SIB visits Beidler Forest

SIB’s final April activity was a “Beyond our Backyard” Friday visit to Beidler Forest. On Tuesday, the forecast was for 98% chance of rain so we started communications with Beidler about alternatives given the forecast. 4 of us decided to attend if the weather was at all favorable. Given the small group, we would tour on our own rather than being led by an Audubon staff member.

Friday dawned with gorgeous weather so we were on our way. The trip went fast as we shared our recent travel and birding stories. We decided quickly the trip was not going to be “just about the birds”. As we arrived at Beidler, our ears were quickly alerted to a symphony of sound. The birds were happy after the overnight rain! As we walked to the building, we heard Ovenbird, Carolina Wren, Tufted Titmouse, Hooded Warbler and a Worm-eating Warbler. What a way to start!

As we walked the boardwalk, we continued to hear and see birds. Our target bird, a Prothonotary Warbler was slow in showing itself but once it did, we heard and saw them everywhere. We almost got to the point of “it’s just a Prothonotary Warbler”. They sang over the boardwalk, in trees near the boardwalk and off in the distance. Among the 40 species recognized, we had a great look at the Worm-eating Warbler. This was a life list addition for Jennifer as were the Veery and the Swainson’s Warbler.

I was happy to actually get a good look at an Acadian Flycatcher since I often just hear them. I wasn’t expecting to get such a close look, for an extended period of time, at the Yellow-crowned Night-heron. Bob not only helped us identify the birds by sound but helped us see the birds. As with all SIB activities, all of us helped each other see the birds. Although the lighting presented challenges, Bob also got some great pictures.

As mentioned above, our varied interests meant the excursion wouldn’t just be about birds. All the bird sightings were interspersed with other nature sightings. A photo op presented itself when a Broadhead skink and a Forest Tent Caterpillar were seen in what appeared to be a staring contest. We also saw the White-marked Tussock Moth caterpillar resting on the rail. (Note, we did some Google image searches while on the boardwalk but some of our identification was done upon returning home, using Bob’s pictures).

No visit to Beidler would be complete without seeing an alligator but none of us thought to take a picture since we see so often on Seabrook Island.

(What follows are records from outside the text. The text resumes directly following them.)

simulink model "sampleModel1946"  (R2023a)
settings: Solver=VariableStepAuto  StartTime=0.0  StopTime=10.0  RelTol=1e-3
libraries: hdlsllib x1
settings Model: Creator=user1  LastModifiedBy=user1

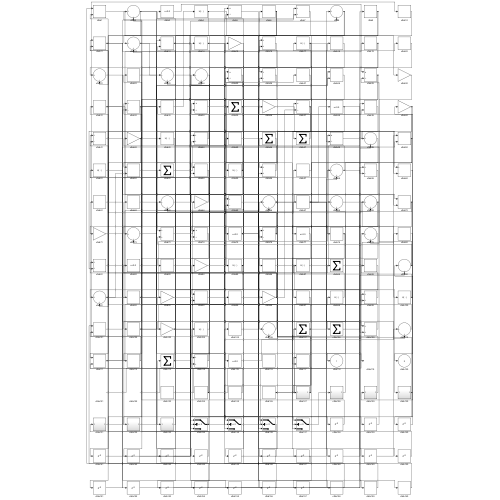
[thumbnail: Simulink's stored preview of the top-level diagram]
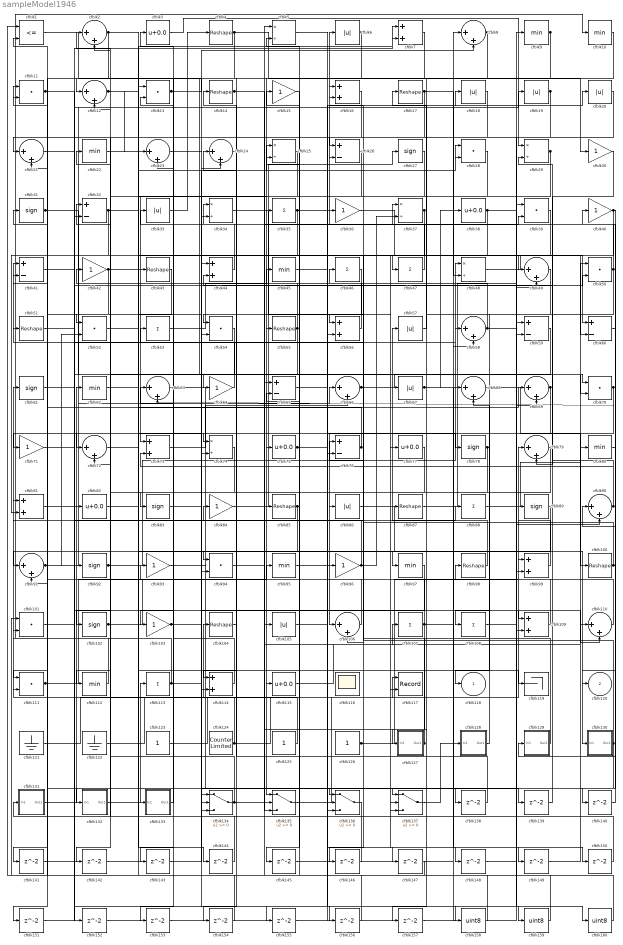
== system sampleModel1946 ==
  cfblk1 : RelationalOperator  Operator=<=  OutDataTypeStr=boolean  InputSameDT=off
  cfblk{9..10,22,45,62,80,95,97,112} (9 alike) : MinMax
  cfblk{4,14,17,43,51,55,85,87,98,100,104} (11 alike) : Reshape
  cfblk{11,13,28,39,50,52,54,70,94,101,111} (11 alike) : DotProduct  OutDataTypeStr=Inherit: Inherit via internal rule
  cfblk{27,31,61,78,83,89,92,102} (8 alike) : Signum
  cfblk{15,30,36,40,42,64,71,84,93,96,103} (11 alike) : Gain
  cfblk{6,18..20,33,57,67,86,105} (9 alike) : Abs  SaturateOnIntegerOverflow=off
  cfblk{2,8,12,21,23..24,49,58,63,66,68..69,72,79,90..91,106,110} (18 alike) : Sum  Inputs=|++
  cfblk{35,46..47,53,88,107..108,113} (8 alike) : Sum  Inputs=+
  cfblk{7,16,44,56,73,81,99,109,114} (9 alike) : Sum
  cfblk{3,38,75,77,82,115} (6 alike) : Bias  Bias=0.0  SaturateOnIntegerOverflow=off
  cfblk116 : Scope
      settings: Floating=on
  cfblk117 : Record  FileSettingsInternal="{\"entries\":[{\"content\":{\"excelSettings\":{\"content\":{},\"type\":\"Streamout.ExcelSettings\"}},\"type\":\"Streamout.FileSettingStorage\",\"uuid\":\"\"}],\"packageUris\":[\"http:\\/\\/schema.mathworks.com\\/mf0\\/streamout_blocks\\/R2020a\"],\"version\":\"1.0\"}"  Layout=[1 1]  SignalsInternal="{\"entries\":[{\"content\":{\"signals\":[{\"content\":{\"blockPath\":[],\"dimensions\":[1],\"domain\":\"\",\"lineColor\":\"#a2142f\",\"plots\":[1],\"port\":1,\"sid\":[\"\"],\"signalID\":5422,\"signalName\":\"cfblk135\"},\"type\":\"RecordBlkView.Signal\",\"uuid\":\"\"},{\"content\":{\"blockPath\":[],\"dimensions\":[1],\"domain\":\"\",\"lineColor\":\"#139fff\",\"plots\":[1],\"port\":2,\"sid\":[\"\"],\"signalID\":5426,\"signalName\":\"cfblk40\"},\"type\":\"RecordBlkView.Signal\",\"uuid\":\"\"}]},\"type\":\"RecordBlkView.InputSignals\",\"uuid\":\"\"}],\"packageUris\":[\"http:\\/\\/schema.mathworks.com\\/mf0\\/streamout_blocks\\/R2020a\"],\"version\":\"1.0\"}"  VisualizationBindings="{\"xyplotplugin\":{\"info\":[{\"series\":[{\"bindingParametersList\":[{\"parameter\":\"X-Axis\",\"signalID\":5422,\"signalName\":\"cfblk135\"},{\"parameter\":\"Y-Axis\",\"signalID\":5426,\"signalName\":\"cfblk40\"}],\"seriesID\":32701}],\"subplotID\":1}]}}"  CompatibilityTag=XY  st=-1
  cfblk119 : Terminator
  cfblk121 : Ground
  cfblk122 : Ground
  cfblk123 : Constant  SampleTime=-1
  cfblk124 : hdlsllib/Sources/Counter Limited  uplimit=7  tsamp=-1
  cfblk125 : Constant  SampleTime=-1
  cfblk126 : Constant  SampleTime=-1
  cfblk127 : Subsystem
      settings: LibrarySourceBlock=|
      | hdlsllib/Ports &
      | Subsystems/Subsystem
  cfblk128 : Subsystem
      settings: LibrarySourceBlock=|
      | hdlsllib/Ports &
      | Subsystems/Subsystem
  cfblk129 : Subsystem
      settings: LibrarySourceBlock=|
      | hdlsllib/Ports &
      | Subsystems/Subsystem
  cfblk130 : Subsystem
      settings: LibrarySourceBlock=|
      | hdlsllib/Ports &
      | Subsystems/Subsystem
  cfblk131 : Subsystem
      settings: LibrarySourceBlock=|
      | hdlsllib/Ports &
      | Subsystems/Subsystem
  cfblk132 : Subsystem
      settings: LibrarySourceBlock=|
      | hdlsllib/Ports &
      | Subsystems/Subsystem
  cfblk133 : Subsystem
      settings: LibrarySourceBlock=|
      | hdlsllib/Ports &
      | Subsystems/Subsystem
  cfblk{134..137} (4 alike) : Switch  SaturateOnIntegerOverflow=off  InputSameDT=off
  cfblk{138..157} (20 alike) : Delay  SampleTime=1
  cfblk158 : DataTypeConversion  OutDataTypeStr=uint8  SaturateOnIntegerOverflow=off  RndMeth=Floor
  cfblk159 : DataTypeConversion  OutDataTypeStr=uint8  SaturateOnIntegerOverflow=off  RndMeth=Floor
  cfblk160 : DataTypeConversion  OutDataTypeStr=uint8  SaturateOnIntegerOverflow=off  RndMeth=Floor
  cfblk{5,25,29,34,37,48,74} (7 alike) : Product  Inputs=*/  RndMeth=Zero  SaturateOnIntegerOverflow=on
  cfblk{26,32,41,59..60,65,76} (7 alike) : Sum  Inputs=+-
  cfblk118 : Outport  VectorParamsAs1DForOutWhenUnconnected=off
  cfblk120 : Outport  Port=2  VectorParamsAs1DForOutWhenUnconnected=off
  wires:
  cfblk126/1 -> cfblk98/1, cfblk58/2
  cfblk33/1 -> cfblk4/1
  cfblk86/1 -> cfblk130/1(In1)
  cfblk12/1 -> cfblk23/1, cfblk70/2
  cfblk81/1 -> cfblk66/1
  cfblk4/1 -> cfblk106/1, cfblk30/1
  cfblk69/1 -> cfblk86/1, cfblk137/3
  cfblk35/1 -> cfblk78/1, cfblk154/1
  cfblk7/1 -> cfblk135/1
  cfblk13/1 -> cfblk8/2, cfblk138/1
  cfblk136/1 -> cfblk131/1(In1)
  cfblk3/1 -> cfblk29/1
  cfblk90/1 -> cfblk44/2, cfblk73/2
  cfblk25/1 -> cfblk73/1
  cfblk49/1 -> cfblk108/1
  cfblk84/1 -> cfblk27/1
  cfblk91/1 -> cfblk19/1, cfblk52/2
  cfblk40/1 -> cfblk129/1(In1), cfblk117/2
  cfblk112/1 -> cfblk10/1
  cfblk47/1 -> cfblk34/1
  cfblk79/1 -> cfblk106/2
  cfblk125/1 -> cfblk61/1
  cfblk44/1 -> cfblk33/1
  cfblk46/1 -> cfblk85/1
  cfblk131/1(Out1) -> cfblk62/1
  cfblk50/1 -> cfblk6/1, cfblk127/1(In1), cfblk157/1
  cfblk135/1 -> cfblk117/1
  cfblk63/1 -> cfblk115/1
  cfblk8/1 -> cfblk47/1, cfblk76/2
  cfblk16/1 -> cfblk91/1
  cfblk64/1 -> cfblk41/1
  cfblk43/1 -> cfblk132/1(In1)
  cfblk57/1 -> cfblk17/1
  cfblk115/1 -> cfblk80/1
  cfblk133/1(Out1) -> cfblk63/1
  cfblk92/1 -> cfblk48/1, cfblk67/1
  cfblk93/1 -> cfblk137/1
  cfblk122/1 -> cfblk104/1
  cfblk48/1 -> cfblk60/1
  cfblk100/1 -> cfblk46/1, cfblk40/1
  cfblk17/1 -> cfblk48/2, cfblk97/1, cfblk135/3
  cfblk37/1 -> cfblk71/1, cfblk146/1
  cfblk38/1 -> cfblk83/1, cfblk150/1
  cfblk9/1 -> cfblk12/1, cfblk74/1
  cfblk58/1 -> cfblk16/1, cfblk160/1
  cfblk123/1 -> cfblk79/1
  cfblk6/1 -> cfblk23/2, cfblk103/1, cfblk21/2
  cfblk70/1 -> cfblk63/2, cfblk141/1
  cfblk132/1(Out1) -> cfblk113/1
  cfblk129/1(Out1) -> cfblk51/1
  cfblk95/1 -> cfblk36/1
  cfblk78/1 -> cfblk118/1, cfblk137/2
  cfblk82/1 -> cfblk133/1(In1)
  cfblk137/1 -> cfblk128/1(In1)
  cfblk29/1 -> cfblk55/1, cfblk136/3
  cfblk98/1 -> cfblk57/1
  cfblk18/1 -> cfblk114/1
  cfblk31/1 -> cfblk96/1, cfblk64/1
  cfblk24/1 -> cfblk94/1
  cfblk88/1 -> cfblk50/1
  cfblk87/1 -> cfblk9/1
  cfblk111/1 -> cfblk95/1, cfblk50/2
  cfblk61/1 -> cfblk58/1
  cfblk94/1 -> cfblk39/2
  cfblk28/1 -> cfblk75/1
  cfblk1/1 -> cfblk24/2
  cfblk20/1 -> cfblk26/1
  cfblk104/1 -> cfblk84/1
  cfblk54/1 -> cfblk102/1
  cfblk110/1 -> cfblk42/1
  cfblk73/1 -> cfblk66/2
  cfblk124/1 -> cfblk59/1, cfblk53/1, cfblk101/2
  cfblk68/1 -> cfblk100/1
  cfblk67/1 -> cfblk109/1, cfblk20/1, cfblk38/1, cfblk149/1
  cfblk107/1 -> cfblk135/2, cfblk99/1, cfblk81/1
  cfblk77/1 -> cfblk134/2
  cfblk99/1 -> cfblk89/1
  cfblk39/1 -> cfblk56/1
  cfblk114/1 -> cfblk13/2
  cfblk62/1 -> cfblk119/1
  cfblk55/1 -> cfblk114/2, cfblk2/2, cfblk54/1
  cfblk96/1 -> cfblk11/1, cfblk37/2, cfblk41/2, cfblk22/1
  cfblk103/1 -> cfblk69/1, cfblk28/2
  cfblk109/1 -> cfblk15/1
  cfblk130/1(Out1) -> cfblk93/1, cfblk151/1
  cfblk26/1 -> cfblk72/1
  cfblk19/1 -> cfblk59/2, cfblk142/1
  cfblk27/1 -> cfblk52/1
  cfblk22/1 -> cfblk43/1
  cfblk97/1 -> cfblk134/3
  cfblk23/1 -> cfblk136/1
  cfblk128/1(Out1) -> cfblk68/2
  cfblk121/1 -> cfblk105/1
  cfblk71/1 -> cfblk109/2
  cfblk74/1 -> cfblk112/1
  cfblk42/1 -> cfblk111/1, cfblk12/2, cfblk74/2
  cfblk66/1 -> cfblk70/1, cfblk148/1
  cfblk14/1 -> cfblk110/2, cfblk139/1
  cfblk32/1 -> cfblk7/1, cfblk49/1, cfblk81/2, cfblk54/2
  cfblk45/1 -> cfblk18/1
  cfblk127/1(Out1) -> cfblk76/1, cfblk82/1
  cfblk83/1 -> cfblk25/1
  cfblk34/1 -> cfblk77/1
  cfblk101/1 -> cfblk87/1
  cfblk134/1 -> cfblk32/1, cfblk107/1
  cfblk60/1 -> cfblk120/1
  cfblk108/1 -> cfblk90/2
  cfblk11/1 -> cfblk16/2, cfblk155/1
  cfblk10/1 -> cfblk136/2
  cfblk72/1 -> cfblk28/1
  cfblk41/1 -> cfblk7/2
  cfblk113/1 -> cfblk11/2, cfblk156/1
  cfblk30/1 -> cfblk79/2
  cfblk106/1 -> cfblk14/1
  cfblk56/1 -> cfblk3/1
  cfblk102/1 -> cfblk65/1, cfblk26/2
  cfblk36/1 -> cfblk60/2
  cfblk53/1 -> cfblk45/1
  cfblk76/1 -> cfblk2/1, cfblk31/1
  cfblk51/1 -> cfblk92/1
  cfblk105/1 -> cfblk88/1
  cfblk2/1 -> cfblk21/1, cfblk99/2, cfblk35/1
  cfblk75/1 -> cfblk37/1, cfblk25/2, cfblk147/1
  cfblk85/1 -> cfblk65/2, cfblk91/2
  cfblk138/1 -> cfblk24/1
  cfblk139/1 -> cfblk29/2
  cfblk80/1 -> cfblk140/1
  cfblk140/1 -> cfblk90/1
  cfblk141/1 -> cfblk94/2
  cfblk142/1 -> cfblk34/2
  cfblk59/1 -> cfblk143/1
  cfblk143/1 -> cfblk44/1
  cfblk52/1 -> cfblk144/1
  cfblk144/1 -> cfblk134/1
  cfblk15/1 -> cfblk145/1
  cfblk145/1 -> cfblk68/1
  cfblk146/1 -> cfblk72/2
  cfblk147/1 -> cfblk1/1
  cfblk148/1 -> cfblk69/2
  cfblk149/1 -> cfblk110/1
  cfblk150/1 -> cfblk111/2
  cfblk151/1 -> cfblk32/2
  cfblk21/1 -> cfblk152/1
  cfblk152/1 -> cfblk39/1
  cfblk89/1 -> cfblk153/1
  cfblk153/1 -> cfblk8/1
  cfblk154/1 -> cfblk13/1
  cfblk155/1 -> cfblk56/2
  cfblk156/1 -> cfblk1/2
  cfblk157/1 -> cfblk49/2
  cfblk5/1 -> cfblk158/1
  cfblk158/1 -> cfblk101/1
  cfblk65/1 -> cfblk159/1
  cfblk159/1 -> cfblk5/1
  cfblk160/1 -> cfblk5/2

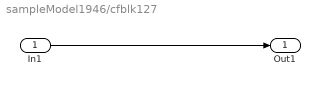
== system sampleModel1946/cfblk127 ==
  In1 : Inport
  Out1 : Outport
  wires:
  In1/1 -> Out1/1

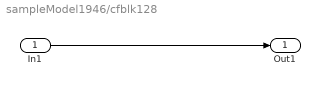
== system sampleModel1946/cfblk128 ==
  In1 : Inport
  Out1 : Outport
  wires:
  In1/1 -> Out1/1

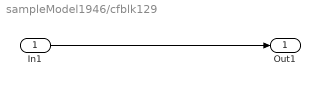
== system sampleModel1946/cfblk129 ==
  In1 : Inport
  Out1 : Outport
  wires:
  In1/1 -> Out1/1

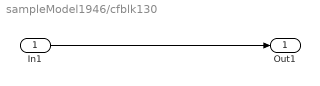
== system sampleModel1946/cfblk130 ==
  In1 : Inport
  Out1 : Outport
  wires:
  In1/1 -> Out1/1

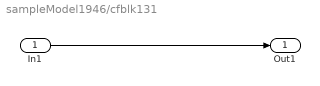
== system sampleModel1946/cfblk131 ==
  In1 : Inport
  Out1 : Outport
  wires:
  In1/1 -> Out1/1

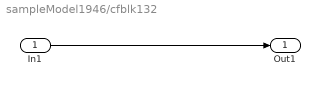
== system sampleModel1946/cfblk132 ==
  In1 : Inport
  Out1 : Outport
  wires:
  In1/1 -> Out1/1

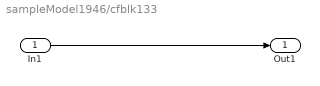
== system sampleModel1946/cfblk133 ==
  In1 : Inport
  Out1 : Outport
  wires:
  In1/1 -> Out1/1

We did have a lengthy discussion about what type of snakes we saw. One in the mud below the boardwalk and two sunning themselves on the boardwalk were determined to be Brown Watersnakes since they had round iris.

Dragonflies and Damselflies were showing their beautiful color. While Bob was photographing an Ebony Jewelwing, Jennifer told me to stand still so she could use her phone to snap a picture of my hitchhiker. While we were eating lunch, our bug “collection” continued when the first Firefly of the season was seen crawling nearby. After I saw that, I had to sign-up for their mailing list regarding Firefly programs.

Of course we also had to admire the plants. All the cypress knees occasionally fooled us to thinking a bird was perched. The 1000 year-old Bald Cypress was a totally different “old” tree than Angel Oak. We also had some discussions on the Lizard’s Tail and an yellow flower Kristen of Beidler helped us identify as Butterweed. There were also butterflies/moths we enjoyed watching but didn’t discuss identification in detail.

After lunch, we decided to have a “brief” visit to Beidler’s Woodland and Grassland Trails. We were able to limit our visit to under an hour. Totally different environment than the boardwalk so different birds were seen. Multiple types of grasshoppers were seen but we really did focus on birds. Jennifer was able to get us all on the Painted Bunting that sang the entire time of our walk. An Indigo Bunting was singing his part in the duet. While on the trail, we got our “first of season” Purple Martins and a pair of Mississippi Kites.

We didn’t record the total number of non-bird species identified but we recorded 45 bird species on a wonderful spring day out in nature. We all are looking forward to going back again next spring, if not before.